In general, it is [[decision problem|undecidable]] whether a given axiom is
canonical. We know a nice sufficient condition: [[Henrik Sahlqvist]] identified a broad class of formulas (now called
[[Sahlqvist formula]]s) such that
* a Sahlqvist formula is canonical,
* the class of frames corresponding to a Sahlqvist formula is [[first-order logic|first-order]] definable,
* there is an algorithm that computes the corresponding frame condition to a given Sahlqvist formula.
This is a powerful criterion: for example, all axioms
listed above as canonical are (equivalent to) Sahlqvist formulas.

===Finite model property===

A logic has the '''[[finite model property]]''' (FMP) if it is complete
with respect to a class of finite frames. An application of this
notion is the [[decidability (logic)|decidability]] question: it
follows from
[[Post's theorem]] that a recursively axiomatized modal logic ''L''
which has FMP is decidable, provided it is decidable whether a given
finite frame is a model of ''L''. In particular, every finitely
axiomatizable logic with FMP is decidable.
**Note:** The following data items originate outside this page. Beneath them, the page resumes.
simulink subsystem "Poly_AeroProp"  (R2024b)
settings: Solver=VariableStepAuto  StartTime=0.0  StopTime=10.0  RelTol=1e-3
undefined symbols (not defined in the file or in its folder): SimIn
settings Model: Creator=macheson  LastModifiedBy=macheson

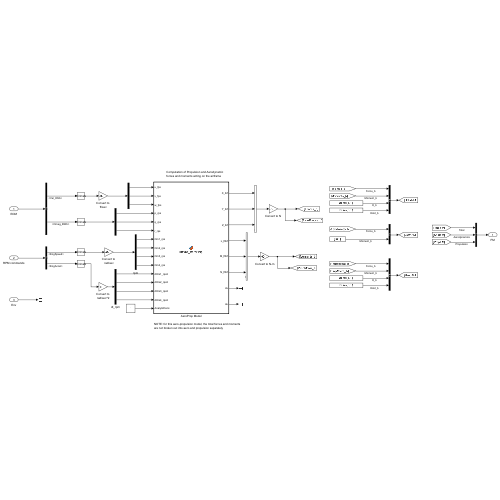
[thumbnail: Simulink's stored preview of the top-level diagram]
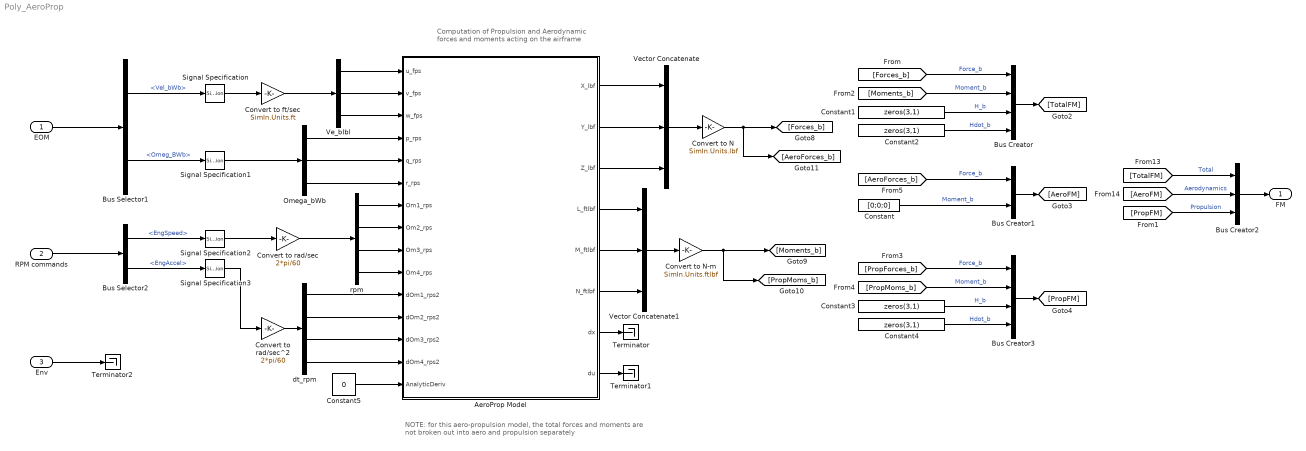
== system Poly_AeroProp ==
  note: Computation of Propulsion and Aerodynamic
      | forces and moments acting on the airframe
  note: NOTE: for this aero-propulsion model, the total forces and moments
      | are not broken out into aero and propulsion separately
  EOM : Inport
  RPM commands : Inport  Port=2
  Env : Inport  Port=3
  AeroProp Model : MATLAB Function  TreatAsAtomicUnit=on
  Bus Creator : BusCreator  Inputs=4
  Bus Creator1 : BusCreator  Inputs=2
  Bus Creator2 : BusCreator  Inputs=3  OutDataTypeStr=Bus: BUS_FORCE_MOMENT
  Bus Creator3 : BusCreator  Inputs=4
  Bus Selector1 : BusSelector  OutputSignals=AirRelativeData.Vel_bWb,AirRelativeData.Omeg_BWb
  Bus Selector2 : BusSelector  OutputSignals=EngSpeed,EngAccel
  Constant : Constant  Value=[0;0;0]  VectorParams1D=off
  Constant{1..4} (4 alike) : Constant  Value=zeros(3,1)  VectorParams1D=off
  Constant5 : Constant  Value=0
  Convert to ft/sec : Gain  Gain=SimIn.Units.ft
  Convert to rad/sec : Gain  Gain=2*pi/60
  Convert to rad/sec^2 : Gain  Gain=2*pi/60
  "Convert to N " : Gain  Gain=SimIn.Units.lbf
  Convert to N-m : Gain  Gain=SimIn.Units.ftlbf
  Omega_bWb : Demux  Outputs=3
  Signal Specification : SignalSpecification  Dimensions=3
  Signal Specification1 : SignalSpecification  Dimensions=3
  Signal Specification2 : SignalSpecification  Dimensions=4
  Signal Specification3 : SignalSpecification  Dimensions=4
  Terminator : Terminator
  Terminator1 : Terminator
  Terminator2 : Terminator
  Ve_bIbl : Demux  Outputs=3
  Vector Concatenate : Concatenate  NumInputs=3  Mode=Multidimensional array
  Vector Concatenate1 : Concatenate  NumInputs=3  Mode=Multidimensional array
  dt_rpm : Demux
  rpm : Demux
  FM : Outport  VectorParamsAs1DForOutWhenUnconnected=off
  wires:
  [TotalFM] -> Bus Creator2/1  "Total"
  [AeroForces_b] -> Bus Creator1/1  "Force_b"
  Constant4/1 -> Bus Creator3/4  "Hdot_b"
  [Moments_b] -> Bus Creator/2  "Moment_b"
  Constant1/1 -> Bus Creator/3  "H_b"
  Constant2/1 -> Bus Creator/4  "Hdot_b"
  Bus Creator/1 -> [TotalFM]
  Constant/1 -> Bus Creator1/2  "Moment_b"
  Constant3/1 -> Bus Creator3/3  "H_b"
  [Forces_b] -> Bus Creator/1  "Force_b"
  [AeroFM] -> Bus Creator2/2  "Aerodynamics"
  Bus Creator2/1 -> FM/1
  [PropMoms_b] -> Bus Creator3/2  "Moment_b"
  Bus Creator1/1 -> [AeroFM]
  [PropForces_b] -> Bus Creator3/1  "Force_b"
  [PropFM] -> Bus Creator2/3  "Propulsion"
  Bus Creator3/1 -> [PropFM]
  Constant5/1 -> AeroProp Model/15(AnalyticDeriv)
  AeroProp Model/1(X_lbf) -> Vector Concatenate/1
  AeroProp Model/2(Y_lbf) -> Vector Concatenate/2
  AeroProp Model/3(Z_lbf) -> Vector Concatenate/3
  AeroProp Model/4(L_ftlbf) -> Vector Concatenate1/1
  AeroProp Model/5(M_ftlbf) -> Vector Concatenate1/2
  AeroProp Model/6(N_ftlbf) -> Vector Concatenate1/3
  AeroProp Model/7(dx) -> Terminator/1
  AeroProp Model/8(du) -> Terminator1/1
  Vector Concatenate/1 -> "Convert to N "/1
  Vector Concatenate1/1 -> Convert to N-m/1
  Bus Selector1/2 -> Signal Specification1/1  "<Omeg_BWb>"
  EOM/1 -> Bus Selector1/1
  Bus Selector1/1 -> Signal Specification/1  "<Vel_bWb>"
  Convert to ft/sec/1 -> Ve_bIbl/1
  Omega_bWb/1 -> AeroProp Model/4(p_rps)
  Omega_bWb/2 -> AeroProp Model/5(q_rps)
  Omega_bWb/3 -> AeroProp Model/6(r_rps)
  Ve_bIbl/1 -> AeroProp Model/1(u_fps)
  Ve_bIbl/2 -> AeroProp Model/2(v_fps)
  Ve_bIbl/3 -> AeroProp Model/3(w_fps)
  Bus Selector2/1 -> Signal Specification2/1  "<EngSpeed>"
  RPM commands/1 -> Bus Selector2/1
  rpm/1 -> AeroProp Model/7(Om1_rps)
  rpm/2 -> AeroProp Model/8(Om2_rps)
  rpm/3 -> AeroProp Model/9(Om3_rps)
  rpm/4 -> AeroProp Model/10(Om4_rps)
  dt_rpm/4 -> AeroProp Model/14(dOm4_rps2)
  dt_rpm/3 -> AeroProp Model/13(dOm3_rps2)
  dt_rpm/2 -> AeroProp Model/12(dOm2_rps2)
  dt_rpm/1 -> AeroProp Model/11(dOm1_rps2)
  Bus Selector2/2 -> Signal Specification3/1  "<EngAccel>"
  Signal Specification/1 -> Convert to ft/sec/1
  Signal Specification1/1 -> Omega_bWb/1
  Signal Specification2/1 -> Convert to rad/sec/1
  Signal Specification3/1 -> Convert to rad/sec^2/1
  Convert to rad/sec/1 -> rpm/1
  Convert to rad/sec^2/1 -> dt_rpm/1
  "Convert to N "/1 -> [AeroForces_b], [Forces_b]
  Convert to N-m/1 -> [PropMoms_b], [Moments_b]
  Env/1 -> Terminator2/1

== matlab function Poly_AeroProp/AeroProp Model ==
  data: u_fps input; X_lbf output; v_fps input; w_fps input; p_rps input; q_rps input; r_rps input; Om1_rps input; Om2_rps input; Om3_rps input; Om4_rps input; dOm1_rps2 input; dOm2_rps2 input; dOm3_rps2 input; dOm4_rps2 input; AnalyticDeriv input; Y_lbf output; Z_lbf output; L_ftlbf output; M_ftlbf output; N_ftlbf output; dx output; du output
function [X_lbf,Y_lbf,Z_lbf,L_ftlbf,M_ftlbf,N_ftlbf, dx, du] = ...
        Impact_AeroProp(u_fps, v_fps, w_fps, p_rps, q_rps, r_rps, ... 
        Om1_rps, Om2_rps, Om3_rps, Om4_rps, ... 
        dOm1_rps2, dOm2_rps2, dOm3_rps2, dOm4_rps2, AnalyticDeriv)

    % Polynomial AeroProp modeling
    [X_lbf,Y_lbf,Z_lbf,L_ftlbf,M_ftlbf,N_ftlbf, dx, du] = ...
        IMPACT_AeroProp_RSE_V1_10Jun25_180239( ... 
        u_fps, v_fps, w_fps, p_rps, q_rps, r_rps, ... 
        Om1_rps, Om2_rps, Om3_rps, Om4_rps, ... 
        dOm1_rps2, dOm2_rps2, dOm3_rps2, dOm4_rps2, AnalyticDeriv);

There are various methods for establishing FMP for a given logic.
Refinements and extensions of the canonical model construction often
work, using tools such as [[#Model constructions|filtration]] or
[[#Model constructions|unravelling]]. As another possibility,
completeness proofs based on [[cut-elimination|cut-free]]
[[sequent calculus|sequent calculi]] usually produce finite models
directly.

Most of the modal systems used in practice (including all listed above) have FMP.

In some cases, we can use FMP to prove Kripke completeness of a logic:
every normal modal logic is complete with respect to a class of
[[modal algebra]]s, and a ''finite'' modal algebra can be transformed
into a Kripke frame. As an example, Robert Bull proved using this method
that every normal extension of '''S4.3''' has FMP, and is Kripke
complete.

===Multimodal logics===
{{See also|Multimodal logic}}

Kripke semantics has a straightforward generalization to logics with
more than one modality. A Kripke frame for a language with
<math>\{\Box_i\mid\,i\in I\}</math> as the set of its necessity operators
consists of a non-empty set ''W'' equipped with binary relations
''R<sub>i</sub>'' for each ''i''&nbsp;∈&nbsp;''I''. The definition of a
satisfaction relation is modified as follows:

: <math>w\Vdash\Box_i A</math> if and only if <math>\forall u\,(w\;R_i\;u\Rightarrow u\Vdash A).</math>

A simplified semantics, discovered by Tim Carlson, is often used for
polymodal [[provability logic]]s. A '''Carlson model''' is a structure
<math>\langle W,R,\{D_i\}_{i\in I},\Vdash\rangle</math>
with a single accessibility relation ''R'', and subsets
''D<sub>i</sub>''&nbsp;⊆&nbsp;''W'' for each modality. Satisfaction is
defined as

: <math>w\Vdash\Box_i A</math> if and only if <math>\forall u\in D_i\,(w\;R\;u\Rightarrow u\Vdash A).</math>

Carlson models are easier to visualize and to work with than usual
polymodal Kripke models; there are, however, Kripke complete polymodal
logics which are Carlson incomplete.